I Can Run Through the Gamut of My Entire Life.
I play a computer game called Song Pop. It’s a game that supplies short clips from songs, and requires me to guess the song from the clip. I’m given a choice of four songs or artists and I try to guess the one that’s correct. Since I memorized every song I heard for nearly three decades, this is mostly fun for me.
My favorite thing about Song Pop is that each song I recognize represents something – and usually transports me instantly back to my youth.
For example, I hear three seconds of “Let It Whip” and I am instantly transported to parties after work at an amusement park, where I’d squeal uncontrollably and fly onto the dance floor. Or I hear two seconds of “You’re So Vain” and suddenly I am lounging on the scratchy white-and-gray couch in my parents’ house, playing my dad’s Carly Simon albums on the old console stereo. Or I hear five seconds of “With Arms Wide Open,” and I’m once again pregnant and simultaneously sobbing and singing as I drive home from work in my little blue Mazda.
I can run through the gamut of my entire life in 30 seconds. It’s wonderful! But recently I had an experience that sent me into some kind of emotional Song Pop tornado.
I heard about three seconds of a Bee Gees song – “Too Much Heaven.”
My Song Pop choices, however, suggested that it might be “Donny Osmond.” At the height of his popularity, Donny Osmond – with his prepubescent voice – sounded a lot like the Bee Gees.
My emotions suddenly and temporarily imploded.
Because when I was eight years old, Donny Osmond was my whole world – well, except for the rest of the Osmond family. I played Osmond albums over and over, singing along and staring at Donny’s puppy-dog eyes. I knew the whole world loved Donny. So, as only an eight-year-old can, I truly believed that someday I would grow up and marry Jimmy Osmond, because we both had freckles.
When I hear a clip of an Osmond song, I am instantly transported to sitting cross-legged on my bedroom floor listening to my plastic turntable for hours on end. These are some of the happiest flashbacks from my childhood, so I love getting Osmond clips on Song Pop. It’s one of those things that takes me back so fast, I forget how old I am now.
But the song I actually heard in this incident was by the Bee Gees. I saw the name “Donny Osmond,” sending me into a tailspin, but I knew that wasn’t right.

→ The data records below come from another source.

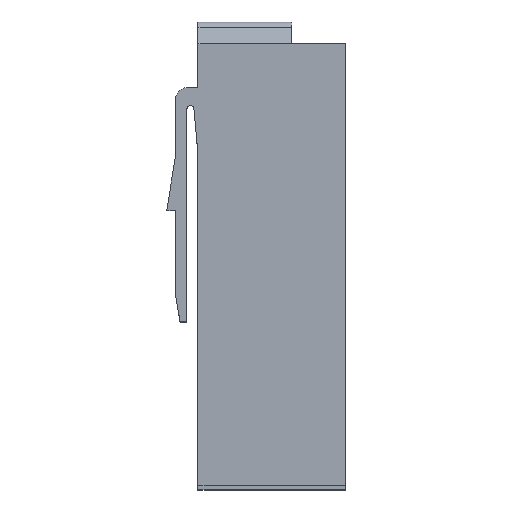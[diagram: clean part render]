
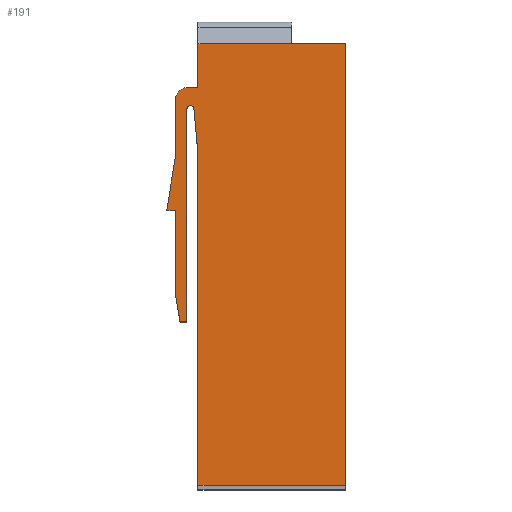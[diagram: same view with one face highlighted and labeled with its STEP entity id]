
A CAD part, top view. The second image highlights one B-rep face of the part: STEP entity #191.
In plain terms, the highlighted planar face has unit normal (0, 0, 1).
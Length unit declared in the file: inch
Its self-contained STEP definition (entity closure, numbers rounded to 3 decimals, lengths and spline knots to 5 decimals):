
#16 = LINE ( 'NONE', #659, #846 ) ;
#25 = CARTESIAN_POINT ( 'NONE',  ( -0.19725, 4.28613, 0.75 ) ) ;
#28 = VERTEX_POINT ( 'NONE', #663 ) ;
#35 = DIRECTION ( 'NONE',  ( -1., 0., 0. ) ) ;
#38 = LINE ( 'NONE', #763, #611 ) ;
#73 = AXIS2_PLACEMENT_3D ( 'NONE', #579, #1125, #87 ) ;
#78 = VERTEX_POINT ( 'NONE', #25 ) ;
#79 = PLANE ( 'NONE',  #73 ) ;
#87 = DIRECTION ( 'NONE',  ( -1., 0., 0. ) ) ;
#90 = DIRECTION ( 'NONE',  ( 1., 0., 0. ) ) ;
#95 = VECTOR ( 'NONE', #1017, 39.37008 ) ;
#109 = ORIENTED_EDGE ( 'NONE', *, *, #1097, .F. ) ;
#110 = ORIENTED_EDGE ( 'NONE', *, *, #1107, .T. ) ;
#126 = ORIENTED_EDGE ( 'NONE', *, *, #1322, .F. ) ;
#148 = VECTOR ( 'NONE', #243, 39.37008 ) ;
#149 = AXIS2_PLACEMENT_3D ( 'NONE', #1197, #357, #239 ) ;
#157 = EDGE_CURVE ( 'NONE', #1316, #890, #1003, .T. ) ;
#173 = ORIENTED_EDGE ( 'NONE', *, *, #990, .F. ) ;
#180 = CARTESIAN_POINT ( 'NONE',  ( -0.275, 4.26496, 0.75 ) ) ;
#181 = LINE ( 'NONE', #323, #148 ) ;
#182 = DIRECTION ( 'NONE',  ( 0., 0., -1. ) ) ;
#183 = VECTOR ( 'NONE', #1339, 39.37008 ) ;
#191 = ADVANCED_FACE ( 'NONE', ( #988 ), #79, .F. ) ;
#200 = EDGE_CURVE ( 'NONE', #415, #1193, #733, .T. ) ;
#210 = ORIENTED_EDGE ( 'NONE', *, *, #200, .T. ) ;
#212 = DIRECTION ( 'NONE',  ( 0., -1., 0. ) ) ;
#213 = LINE ( 'NONE', #709, #471 ) ;
#236 = ORIENTED_EDGE ( 'NONE', *, *, #924, .T. ) ;
#237 = CARTESIAN_POINT ( 'NONE',  ( -0.4, 0., 0.75 ) ) ;
#239 = DIRECTION ( 'NONE',  ( 1., 0., 0. ) ) ;
#240 = VERTEX_POINT ( 'NONE', #180 ) ;
#243 = DIRECTION ( 'NONE',  ( 0.09, -0.996, 0. ) ) ;
#258 = EDGE_CURVE ( 'NONE', #396, #837, #1205, .T. ) ;
#273 = DIRECTION ( 'NONE',  ( 0., -1., 0. ) ) ;
#277 = LINE ( 'NONE', #1293, #487 ) ;
#294 = DIRECTION ( 'NONE',  ( 1., 0., 0. ) ) ;
#300 = ORIENTED_EDGE ( 'NONE', *, *, #1294, .F. ) ;
#304 = CARTESIAN_POINT ( 'NONE',  ( -0.275, 1.88125, 0.75 ) ) ;
#306 = EDGE_CURVE ( 'NONE', #1317, #769, #781, .T. ) ;
#323 = CARTESIAN_POINT ( 'NONE',  ( 0.18795, 0.01696, 0.75 ) ) ;
#344 = CARTESIAN_POINT ( 'NONE',  ( -0.15, 0.05, 0.75 ) ) ;
#357 = DIRECTION ( 'NONE',  ( 0., 0., -1. ) ) ;
#362 = ORIENTED_EDGE ( 'NONE', *, *, #824, .T. ) ;
#365 = CARTESIAN_POINT ( 'NONE',  ( 0., 5., 0.75 ) ) ;
#388 = CARTESIAN_POINT ( 'NONE',  ( -0.23306, 4.2643, 0.75 ) ) ;
#396 = VERTEX_POINT ( 'NONE', #608 ) ;
#405 = DIRECTION ( 'NONE',  ( 0., -1., 0. ) ) ;
#415 = VERTEX_POINT ( 'NONE', #722 ) ;
#428 = ORIENTED_EDGE ( 'NONE', *, *, #646, .T. ) ;
#440 = CIRCLE ( 'NONE', #636, 0.04194 ) ;
#447 = DIRECTION ( 'NONE',  ( 1., 0., 0. ) ) ;
#462 = CARTESIAN_POINT ( 'NONE',  ( -0.35, 1.88125, 0.75 ) ) ;
#471 = VECTOR ( 'NONE', #405, 39.37008 ) ;
#477 = VERTEX_POINT ( 'NONE', #618 ) ;
#484 = ORIENTED_EDGE ( 'NONE', *, *, #157, .T. ) ;
#487 = VECTOR ( 'NONE', #35, 39.37008 ) ;
#495 = CARTESIAN_POINT ( 'NONE',  ( -0.15, 5., 0.75 ) ) ;
#518 = CARTESIAN_POINT ( 'NONE',  ( 0., 4.50625, 0.75 ) ) ;
#551 = CARTESIAN_POINT ( 'NONE',  ( -0.4, 2.16481, 0.75 ) ) ;
#579 = CARTESIAN_POINT ( 'NONE',  ( 0., 5., 0.75 ) ) ;
#589 = ORIENTED_EDGE ( 'NONE', *, *, #843, .T. ) ;
#608 = CARTESIAN_POINT ( 'NONE',  ( 1.5, 5., 0.75 ) ) ;
#611 = VECTOR ( 'NONE', #1301, 39.37008 ) ;
#618 = CARTESIAN_POINT ( 'NONE',  ( -0.15, 3.7625, 0.75 ) ) ;
#635 = ORIENTED_EDGE ( 'NONE', *, *, #945, .T. ) ;
#636 = AXIS2_PLACEMENT_3D ( 'NONE', #388, #182, #294 ) ;
#646 = EDGE_CURVE ( 'NONE', #890, #415, #38, .T. ) ;
#648 = LINE ( 'NONE', #365, #1000 ) ;
#659 = CARTESIAN_POINT ( 'NONE',  ( 0., 5., 0.75 ) ) ;
#663 = CARTESIAN_POINT ( 'NONE',  ( -0.15, 4.50625, 0.75 ) ) ;
#709 = CARTESIAN_POINT ( 'NONE',  ( -0.275, 0., 0.75 ) ) ;
#712 = VECTOR ( 'NONE', #273, 39.37008 ) ;
#722 = CARTESIAN_POINT ( 'NONE',  ( -0.5, 3.13125, 0.75 ) ) ;
#724 = CARTESIAN_POINT ( 'NONE',  ( -0.4, 0., 0.75 ) ) ;
#729 = DIRECTION ( 'NONE',  ( 1., 0., 0. ) ) ;
#733 = LINE ( 'NONE', #1330, #1219 ) ;
#739 = CARTESIAN_POINT ( 'NONE',  ( -0.4, 3.13125, 0.75 ) ) ;
#754 = ORIENTED_EDGE ( 'NONE', *, *, #1280, .F. ) ;
#761 = LINE ( 'NONE', #724, #1327 ) ;
#763 = CARTESIAN_POINT ( 'NONE',  ( -0.97601, 0.15616, 0.75 ) ) ;
#769 = VERTEX_POINT ( 'NONE', #462 ) ;
#775 = EDGE_CURVE ( 'NONE', #940, #396, #648, .T. ) ;
#781 = LINE ( 'NONE', #1336, #1286 ) ;
#786 = ORIENTED_EDGE ( 'NONE', *, *, #306, .T. ) ;
#793 = LINE ( 'NONE', #1333, #1018 ) ;
#805 = CARTESIAN_POINT ( 'NONE',  ( 1.5, 0.05, 0.75 ) ) ;
#808 = DIRECTION ( 'NONE',  ( 0., -1., 0. ) ) ;
#813 = LINE ( 'NONE', #1026, #183 ) ;
#824 = EDGE_CURVE ( 'NONE', #477, #1306, #984, .T. ) ;
#837 = VERTEX_POINT ( 'NONE', #805 ) ;
#843 = EDGE_CURVE ( 'NONE', #240, #78, #440, .T. ) ;
#846 = VECTOR ( 'NONE', #447, 39.37008 ) ;
#854 = VERTEX_POINT ( 'NONE', #495 ) ;
#859 = EDGE_LOOP ( 'NONE', ( #110, #786, #635, #173, #589, #1224, #362, #300, #1332, #1060, #754, #236, #109, #126, #484, #428, #210 ) ) ;
#890 = VERTEX_POINT ( 'NONE', #1014 ) ;
#911 = DIRECTION ( 'NONE',  ( 1., 0., 0. ) ) ;
#917 = CARTESIAN_POINT ( 'NONE',  ( 1.5, 5., 0.75 ) ) ;
#924 = EDGE_CURVE ( 'NONE', #854, #28, #813, .T. ) ;
#930 = CIRCLE ( 'NONE', #149, 0.125 ) ;
#940 = VERTEX_POINT ( 'NONE', #1011 ) ;
#945 = EDGE_CURVE ( 'NONE', #769, #992, #793, .T. ) ;
#984 = LINE ( 'NONE', #993, #712 ) ;
#988 = FACE_OUTER_BOUND ( 'NONE', #859, .T. ) ;
#990 = EDGE_CURVE ( 'NONE', #240, #992, #213, .T. ) ;
#991 = CARTESIAN_POINT ( 'NONE',  ( -0.4, 4.38125, 0.75 ) ) ;
#992 = VERTEX_POINT ( 'NONE', #304 ) ;
#993 = CARTESIAN_POINT ( 'NONE',  ( -0.15, 5., 0.75 ) ) ;
#1000 = VECTOR ( 'NONE', #1216, 39.37008 ) ;
#1003 = LINE ( 'NONE', #237, #1315 ) ;
#1006 = DIRECTION ( 'NONE',  ( 0.174, -0.985, 0. ) ) ;
#1011 = CARTESIAN_POINT ( 'NONE',  ( 0.9, 5., 0.75 ) ) ;
#1014 = CARTESIAN_POINT ( 'NONE',  ( -0.4, 3.75625, 0.75 ) ) ;
#1017 = DIRECTION ( 'NONE',  ( 0., -1., 0. ) ) ;
#1018 = VECTOR ( 'NONE', #90, 39.37008 ) ;
#1026 = CARTESIAN_POINT ( 'NONE',  ( -0.15, 5., 0.75 ) ) ;
#1060 = ORIENTED_EDGE ( 'NONE', *, *, #775, .F. ) ;
#1062 = CARTESIAN_POINT ( 'NONE',  ( -0.275, 4.50625, 0.75 ) ) ;
#1097 = EDGE_CURVE ( 'NONE', #1210, #28, #1165, .T. ) ;
#1107 = EDGE_CURVE ( 'NONE', #1193, #1317, #761, .T. ) ;
#1125 = DIRECTION ( 'NONE',  ( 0., 0., -1. ) ) ;
#1148 = VECTOR ( 'NONE', #729, 39.37008 ) ;
#1165 = LINE ( 'NONE', #518, #1148 ) ;
#1193 = VERTEX_POINT ( 'NONE', #739 ) ;
#1197 = CARTESIAN_POINT ( 'NONE',  ( -0.275, 4.38125, 0.75 ) ) ;
#1205 = LINE ( 'NONE', #917, #95 ) ;
#1210 = VERTEX_POINT ( 'NONE', #1062 ) ;
#1216 = DIRECTION ( 'NONE',  ( 1., 0., 0. ) ) ;
#1219 = VECTOR ( 'NONE', #911, 39.37008 ) ;
#1222 = EDGE_CURVE ( 'NONE', #78, #477, #181, .T. ) ;
#1224 = ORIENTED_EDGE ( 'NONE', *, *, #1222, .T. ) ;
#1280 = EDGE_CURVE ( 'NONE', #854, #940, #16, .T. ) ;
#1286 = VECTOR ( 'NONE', #1006, 39.37008 ) ;
#1293 = CARTESIAN_POINT ( 'NONE',  ( 1.5, 0.05, 0.75 ) ) ;
#1294 = EDGE_CURVE ( 'NONE', #837, #1306, #277, .T. ) ;
#1301 = DIRECTION ( 'NONE',  ( -0.158, -0.987, 0. ) ) ;
#1306 = VERTEX_POINT ( 'NONE', #344 ) ;
#1315 = VECTOR ( 'NONE', #808, 39.37008 ) ;
#1316 = VERTEX_POINT ( 'NONE', #991 ) ;
#1317 = VERTEX_POINT ( 'NONE', #551 ) ;
#1322 = EDGE_CURVE ( 'NONE', #1316, #1210, #930, .T. ) ;
#1327 = VECTOR ( 'NONE', #212, 39.37008 ) ;
#1330 = CARTESIAN_POINT ( 'NONE',  ( 0., 3.13125, 0.75 ) ) ;
#1332 = ORIENTED_EDGE ( 'NONE', *, *, #258, .F. ) ;
#1333 = CARTESIAN_POINT ( 'NONE',  ( 0., 1.88125, 0.75 ) ) ;
#1336 = CARTESIAN_POINT ( 'NONE',  ( -0.4, 2.16481, 0.75 ) ) ;
#1339 = DIRECTION ( 'NONE',  ( 0., -1., 0. ) ) ;

“Too Much Heaven” was the number one song in the country when I was 15. I was a devastated teenager. When “Too Much Heaven” played – and it played a lot – I retreated into a depression so deep, I could have cried. But I was too angry to cry, so I would sink into a funk that could last for the length of the song, or for a month. (I was overloaded with hormones, so I never knew what would happen.) I flashed back to days of sulking on the floor of my bedroom closet, doors closed and providing a darkness to match my mood.
And that was the complete opposite of my childhood Osmond experience. So when I heard “Too Much Heaven” and saw “Donny Osmond,” my brain whipped from childhood ecstasy to depression, and back, and down – and I was lost in a sudden sort of memory fog.
Then I clicked “Bee Gees.”
And thankfully, I returned to the present.